- DIRECTIONS FOR THIS TASK -
Count how many lines below include the string "DimensionsMode". Only that number should appear in the reply.
● ● ● ● ●
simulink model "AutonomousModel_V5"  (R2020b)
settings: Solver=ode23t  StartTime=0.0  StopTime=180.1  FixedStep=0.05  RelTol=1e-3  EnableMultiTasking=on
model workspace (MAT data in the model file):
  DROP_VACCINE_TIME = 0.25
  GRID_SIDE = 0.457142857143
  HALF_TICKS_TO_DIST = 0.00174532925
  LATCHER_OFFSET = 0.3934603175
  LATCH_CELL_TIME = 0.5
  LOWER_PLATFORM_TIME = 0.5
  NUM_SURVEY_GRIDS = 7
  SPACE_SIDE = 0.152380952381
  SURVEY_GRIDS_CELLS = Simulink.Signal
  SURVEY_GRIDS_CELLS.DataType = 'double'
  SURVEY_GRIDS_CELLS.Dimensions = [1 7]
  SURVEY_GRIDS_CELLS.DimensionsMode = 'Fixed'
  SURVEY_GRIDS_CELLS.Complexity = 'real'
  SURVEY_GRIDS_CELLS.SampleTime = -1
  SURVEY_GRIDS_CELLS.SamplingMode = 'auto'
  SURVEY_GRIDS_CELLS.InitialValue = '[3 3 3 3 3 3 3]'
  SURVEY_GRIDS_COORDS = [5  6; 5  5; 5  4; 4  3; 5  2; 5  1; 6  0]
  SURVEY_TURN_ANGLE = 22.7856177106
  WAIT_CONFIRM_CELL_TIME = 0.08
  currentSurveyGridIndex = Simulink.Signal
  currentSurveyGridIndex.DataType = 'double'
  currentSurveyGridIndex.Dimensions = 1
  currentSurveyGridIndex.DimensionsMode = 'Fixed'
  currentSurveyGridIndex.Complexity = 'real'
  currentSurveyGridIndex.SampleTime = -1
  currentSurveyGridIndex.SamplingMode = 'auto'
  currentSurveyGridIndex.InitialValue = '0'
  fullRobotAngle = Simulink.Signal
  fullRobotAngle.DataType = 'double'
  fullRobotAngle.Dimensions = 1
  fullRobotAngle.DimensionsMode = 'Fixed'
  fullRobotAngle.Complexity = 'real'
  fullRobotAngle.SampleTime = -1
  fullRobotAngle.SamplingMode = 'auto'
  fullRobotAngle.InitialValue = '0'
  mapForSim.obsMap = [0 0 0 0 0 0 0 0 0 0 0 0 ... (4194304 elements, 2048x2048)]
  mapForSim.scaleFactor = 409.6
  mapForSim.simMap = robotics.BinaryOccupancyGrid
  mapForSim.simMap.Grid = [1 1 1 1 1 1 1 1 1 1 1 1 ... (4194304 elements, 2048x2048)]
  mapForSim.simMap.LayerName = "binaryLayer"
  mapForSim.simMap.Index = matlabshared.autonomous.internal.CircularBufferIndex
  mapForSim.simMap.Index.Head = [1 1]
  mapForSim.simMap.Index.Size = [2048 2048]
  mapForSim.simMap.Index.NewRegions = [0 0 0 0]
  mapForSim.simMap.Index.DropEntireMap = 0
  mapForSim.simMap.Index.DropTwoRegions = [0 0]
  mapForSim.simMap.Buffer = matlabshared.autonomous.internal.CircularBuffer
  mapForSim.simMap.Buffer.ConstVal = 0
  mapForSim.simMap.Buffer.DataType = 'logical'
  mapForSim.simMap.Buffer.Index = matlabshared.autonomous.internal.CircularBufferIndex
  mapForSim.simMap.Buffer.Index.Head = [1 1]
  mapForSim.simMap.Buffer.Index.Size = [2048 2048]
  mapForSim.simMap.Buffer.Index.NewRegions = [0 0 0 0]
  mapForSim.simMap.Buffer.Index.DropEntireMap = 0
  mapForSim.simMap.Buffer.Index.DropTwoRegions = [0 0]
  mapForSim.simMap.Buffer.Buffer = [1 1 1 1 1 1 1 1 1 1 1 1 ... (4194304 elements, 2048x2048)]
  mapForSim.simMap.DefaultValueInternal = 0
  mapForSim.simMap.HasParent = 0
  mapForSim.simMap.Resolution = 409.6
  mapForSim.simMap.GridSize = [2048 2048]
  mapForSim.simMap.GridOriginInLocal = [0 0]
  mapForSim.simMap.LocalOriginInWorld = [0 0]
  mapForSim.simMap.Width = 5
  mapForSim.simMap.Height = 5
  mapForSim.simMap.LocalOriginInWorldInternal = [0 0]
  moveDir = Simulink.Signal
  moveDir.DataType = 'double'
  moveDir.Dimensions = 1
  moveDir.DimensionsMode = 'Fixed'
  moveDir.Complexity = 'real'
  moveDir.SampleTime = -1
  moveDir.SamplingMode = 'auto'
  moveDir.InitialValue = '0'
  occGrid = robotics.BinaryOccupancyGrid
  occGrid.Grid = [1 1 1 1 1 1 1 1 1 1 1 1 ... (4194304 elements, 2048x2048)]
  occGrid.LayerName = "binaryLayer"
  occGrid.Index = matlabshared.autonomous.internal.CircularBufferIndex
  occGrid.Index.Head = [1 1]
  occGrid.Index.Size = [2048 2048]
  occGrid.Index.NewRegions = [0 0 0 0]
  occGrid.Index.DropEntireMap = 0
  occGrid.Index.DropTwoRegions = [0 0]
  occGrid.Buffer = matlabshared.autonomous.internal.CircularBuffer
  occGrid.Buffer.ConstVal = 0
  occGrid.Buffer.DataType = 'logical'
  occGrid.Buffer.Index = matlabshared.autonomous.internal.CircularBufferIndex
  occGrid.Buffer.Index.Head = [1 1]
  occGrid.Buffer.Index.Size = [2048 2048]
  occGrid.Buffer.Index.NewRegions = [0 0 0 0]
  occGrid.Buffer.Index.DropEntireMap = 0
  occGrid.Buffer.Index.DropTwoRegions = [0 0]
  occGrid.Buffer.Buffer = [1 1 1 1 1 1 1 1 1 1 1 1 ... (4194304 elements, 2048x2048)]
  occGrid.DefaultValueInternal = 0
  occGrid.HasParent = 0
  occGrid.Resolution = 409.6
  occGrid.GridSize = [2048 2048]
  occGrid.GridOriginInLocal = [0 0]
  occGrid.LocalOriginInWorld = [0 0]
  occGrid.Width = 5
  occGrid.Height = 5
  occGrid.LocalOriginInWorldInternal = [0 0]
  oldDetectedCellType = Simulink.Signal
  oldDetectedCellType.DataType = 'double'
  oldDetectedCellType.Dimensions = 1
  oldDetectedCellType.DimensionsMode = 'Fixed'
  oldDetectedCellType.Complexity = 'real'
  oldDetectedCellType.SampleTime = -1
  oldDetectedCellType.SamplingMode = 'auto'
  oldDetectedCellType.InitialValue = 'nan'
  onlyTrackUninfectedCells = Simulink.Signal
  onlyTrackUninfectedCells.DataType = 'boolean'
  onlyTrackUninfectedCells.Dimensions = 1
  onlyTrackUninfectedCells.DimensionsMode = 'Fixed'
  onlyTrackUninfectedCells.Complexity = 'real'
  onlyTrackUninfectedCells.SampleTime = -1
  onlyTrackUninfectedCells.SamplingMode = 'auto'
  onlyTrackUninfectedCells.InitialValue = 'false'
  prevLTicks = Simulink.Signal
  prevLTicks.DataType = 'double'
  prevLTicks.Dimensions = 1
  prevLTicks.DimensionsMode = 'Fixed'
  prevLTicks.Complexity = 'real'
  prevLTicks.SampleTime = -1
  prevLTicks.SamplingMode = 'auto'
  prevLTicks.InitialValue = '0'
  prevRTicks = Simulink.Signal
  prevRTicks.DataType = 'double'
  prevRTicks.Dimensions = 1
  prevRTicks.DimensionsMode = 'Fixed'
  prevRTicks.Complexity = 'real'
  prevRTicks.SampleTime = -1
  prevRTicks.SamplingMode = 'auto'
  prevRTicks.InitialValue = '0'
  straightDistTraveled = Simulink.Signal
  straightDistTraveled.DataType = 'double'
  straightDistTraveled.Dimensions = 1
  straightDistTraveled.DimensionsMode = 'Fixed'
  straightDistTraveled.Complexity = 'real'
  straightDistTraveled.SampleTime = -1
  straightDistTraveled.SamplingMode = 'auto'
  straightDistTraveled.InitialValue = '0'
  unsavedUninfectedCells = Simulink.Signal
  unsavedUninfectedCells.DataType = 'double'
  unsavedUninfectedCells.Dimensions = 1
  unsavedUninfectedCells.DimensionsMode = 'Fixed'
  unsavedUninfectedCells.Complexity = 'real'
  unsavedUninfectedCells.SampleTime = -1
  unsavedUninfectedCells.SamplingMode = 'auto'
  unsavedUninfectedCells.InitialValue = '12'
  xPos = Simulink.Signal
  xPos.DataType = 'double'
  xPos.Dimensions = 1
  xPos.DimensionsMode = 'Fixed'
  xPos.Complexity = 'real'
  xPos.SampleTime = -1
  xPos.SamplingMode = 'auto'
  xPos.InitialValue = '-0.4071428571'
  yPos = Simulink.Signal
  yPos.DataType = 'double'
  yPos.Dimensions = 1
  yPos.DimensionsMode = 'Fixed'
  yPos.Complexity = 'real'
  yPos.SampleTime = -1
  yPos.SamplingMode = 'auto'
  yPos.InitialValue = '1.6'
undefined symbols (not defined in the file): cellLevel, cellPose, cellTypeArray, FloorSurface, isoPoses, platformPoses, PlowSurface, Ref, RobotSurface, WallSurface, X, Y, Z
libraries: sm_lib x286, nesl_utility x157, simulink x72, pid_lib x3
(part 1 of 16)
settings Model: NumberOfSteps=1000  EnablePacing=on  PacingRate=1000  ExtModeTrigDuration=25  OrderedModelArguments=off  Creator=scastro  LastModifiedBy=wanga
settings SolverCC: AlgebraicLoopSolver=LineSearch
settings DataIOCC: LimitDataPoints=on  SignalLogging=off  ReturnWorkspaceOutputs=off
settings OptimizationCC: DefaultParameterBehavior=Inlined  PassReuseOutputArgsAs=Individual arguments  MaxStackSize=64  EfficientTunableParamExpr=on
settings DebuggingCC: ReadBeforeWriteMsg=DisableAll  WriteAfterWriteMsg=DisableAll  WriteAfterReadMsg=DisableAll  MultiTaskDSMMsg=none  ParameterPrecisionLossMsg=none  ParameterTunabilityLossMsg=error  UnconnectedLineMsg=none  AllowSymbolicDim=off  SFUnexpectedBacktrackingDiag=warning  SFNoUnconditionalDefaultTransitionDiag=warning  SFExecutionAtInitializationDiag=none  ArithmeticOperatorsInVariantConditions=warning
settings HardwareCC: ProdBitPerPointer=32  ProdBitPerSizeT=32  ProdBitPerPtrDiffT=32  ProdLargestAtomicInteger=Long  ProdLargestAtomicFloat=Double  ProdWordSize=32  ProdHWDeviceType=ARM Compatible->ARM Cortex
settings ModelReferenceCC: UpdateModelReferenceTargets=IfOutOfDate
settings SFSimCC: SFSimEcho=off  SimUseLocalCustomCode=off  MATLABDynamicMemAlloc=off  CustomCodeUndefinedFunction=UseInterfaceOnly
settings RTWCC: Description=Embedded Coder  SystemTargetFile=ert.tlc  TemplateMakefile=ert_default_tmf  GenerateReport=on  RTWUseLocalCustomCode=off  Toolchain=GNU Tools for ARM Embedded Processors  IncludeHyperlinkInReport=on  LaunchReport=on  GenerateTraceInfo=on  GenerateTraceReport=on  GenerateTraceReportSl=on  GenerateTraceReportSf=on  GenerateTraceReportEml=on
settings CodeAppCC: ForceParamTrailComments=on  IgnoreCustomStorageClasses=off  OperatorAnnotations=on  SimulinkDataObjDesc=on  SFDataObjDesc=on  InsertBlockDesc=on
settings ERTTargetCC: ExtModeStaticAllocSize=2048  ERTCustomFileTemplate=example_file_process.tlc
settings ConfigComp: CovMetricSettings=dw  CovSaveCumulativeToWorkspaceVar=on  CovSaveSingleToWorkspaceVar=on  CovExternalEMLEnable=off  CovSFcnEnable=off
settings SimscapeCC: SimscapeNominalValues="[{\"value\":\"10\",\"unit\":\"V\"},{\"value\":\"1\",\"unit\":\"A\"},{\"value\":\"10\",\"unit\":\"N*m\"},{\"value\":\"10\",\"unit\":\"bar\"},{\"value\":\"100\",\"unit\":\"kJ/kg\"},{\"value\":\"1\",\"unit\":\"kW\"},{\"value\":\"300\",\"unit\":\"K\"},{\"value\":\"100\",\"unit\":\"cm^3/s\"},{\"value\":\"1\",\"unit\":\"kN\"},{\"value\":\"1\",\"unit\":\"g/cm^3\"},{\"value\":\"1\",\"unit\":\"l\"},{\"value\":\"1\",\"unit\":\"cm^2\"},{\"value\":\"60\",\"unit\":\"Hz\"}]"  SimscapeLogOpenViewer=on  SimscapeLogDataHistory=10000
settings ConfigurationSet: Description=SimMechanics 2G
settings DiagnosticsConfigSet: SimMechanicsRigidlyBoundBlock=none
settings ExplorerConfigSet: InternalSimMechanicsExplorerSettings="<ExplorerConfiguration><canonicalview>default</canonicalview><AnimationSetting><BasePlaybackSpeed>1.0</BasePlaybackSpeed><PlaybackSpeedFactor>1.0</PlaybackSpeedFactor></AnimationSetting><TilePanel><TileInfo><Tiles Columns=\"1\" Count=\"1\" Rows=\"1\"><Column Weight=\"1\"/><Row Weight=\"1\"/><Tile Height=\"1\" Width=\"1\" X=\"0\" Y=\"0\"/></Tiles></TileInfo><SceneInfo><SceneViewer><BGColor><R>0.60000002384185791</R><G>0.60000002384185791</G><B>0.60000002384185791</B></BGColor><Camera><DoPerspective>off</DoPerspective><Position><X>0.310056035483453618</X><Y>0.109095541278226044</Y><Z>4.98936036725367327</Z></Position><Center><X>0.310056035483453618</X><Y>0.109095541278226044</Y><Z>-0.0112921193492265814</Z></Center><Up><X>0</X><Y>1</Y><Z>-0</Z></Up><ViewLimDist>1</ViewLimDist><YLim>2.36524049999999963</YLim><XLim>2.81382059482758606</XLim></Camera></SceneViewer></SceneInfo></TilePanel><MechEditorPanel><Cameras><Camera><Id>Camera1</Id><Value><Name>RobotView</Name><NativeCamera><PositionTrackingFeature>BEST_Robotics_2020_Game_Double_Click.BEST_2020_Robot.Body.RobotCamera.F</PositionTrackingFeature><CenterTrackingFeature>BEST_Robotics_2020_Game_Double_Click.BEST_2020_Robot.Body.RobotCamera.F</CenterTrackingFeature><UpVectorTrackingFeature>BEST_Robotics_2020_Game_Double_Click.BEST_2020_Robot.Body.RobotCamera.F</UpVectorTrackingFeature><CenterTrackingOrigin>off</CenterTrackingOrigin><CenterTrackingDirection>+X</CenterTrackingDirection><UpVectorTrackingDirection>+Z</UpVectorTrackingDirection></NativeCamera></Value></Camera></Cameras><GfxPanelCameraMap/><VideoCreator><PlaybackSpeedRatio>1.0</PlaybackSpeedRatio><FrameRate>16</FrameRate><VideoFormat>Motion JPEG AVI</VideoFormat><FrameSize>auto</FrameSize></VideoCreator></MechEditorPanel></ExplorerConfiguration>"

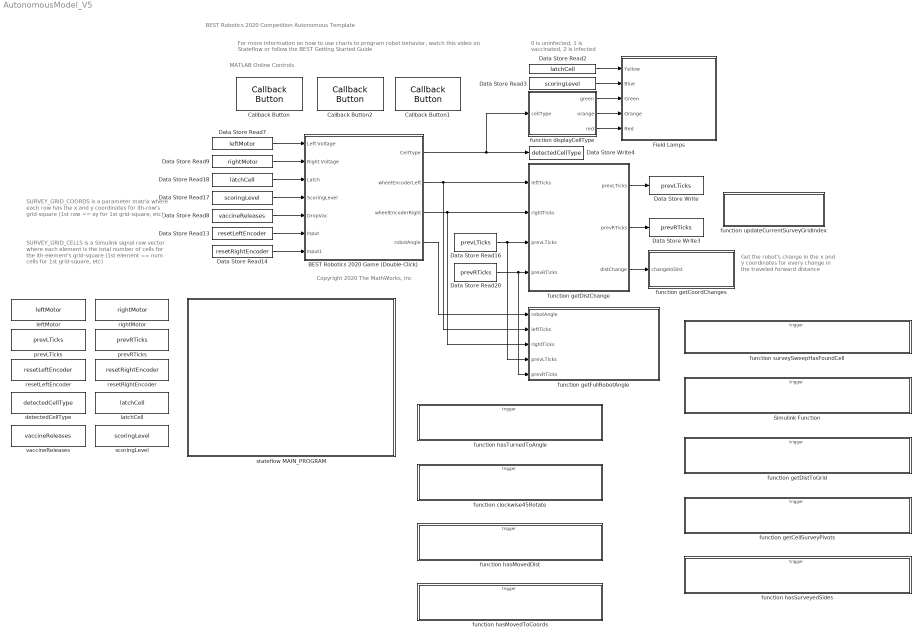
== system AutonomousModel_V5 ==
  note: 0 is uninfected, 1 is vaccinated, 2 is infected
  note: SURVEY_GRID_CELLS is a Simulink signal row vector where each element is the total number of cells for the ith-element's grid-square (1st element == num cells for 1st grid-square, etc)
  note: SURVEY_GRID_COORDS is a parameter matrix where each row has the x and y coordinates for ith-row's grid-square (1st row == xy for 1st grid-square, etc)
  note: MATLAB Online Controls
  note: For more information on how to use charts to program robot behavior,
      | watch this video on Stateflow or follow the BEST Getting Started Guide
  note: BEST Robotics 2020 Competition Autonomous Template
  note: Copyright 2020 The MathWorks, Inc
  note: Get the robot's change in the x and y coordinates for
      | every change in the traveled forward distance
  BEST Robotics 2020 Game (Double-Click) : Subsystem  mask(RP BEST Robotics 2020 Challenge){gameTime=180, field=Practice 2, rvis=off, sensor=off, autoField=on, wheelBase=0.5, wheelRadius=0.1, robotColor=[0.5 0 0], wheelThickness=0.025, chassisThickness=0.05, wheelMass=1, chassisMass=1.5}
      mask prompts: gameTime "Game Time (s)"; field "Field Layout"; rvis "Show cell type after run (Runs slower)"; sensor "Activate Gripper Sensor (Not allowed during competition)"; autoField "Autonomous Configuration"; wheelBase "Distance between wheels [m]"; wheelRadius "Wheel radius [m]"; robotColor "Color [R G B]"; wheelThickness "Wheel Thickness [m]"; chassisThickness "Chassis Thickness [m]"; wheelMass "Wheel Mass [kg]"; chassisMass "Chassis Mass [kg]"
● ● ● ● ●
- RESULT -
12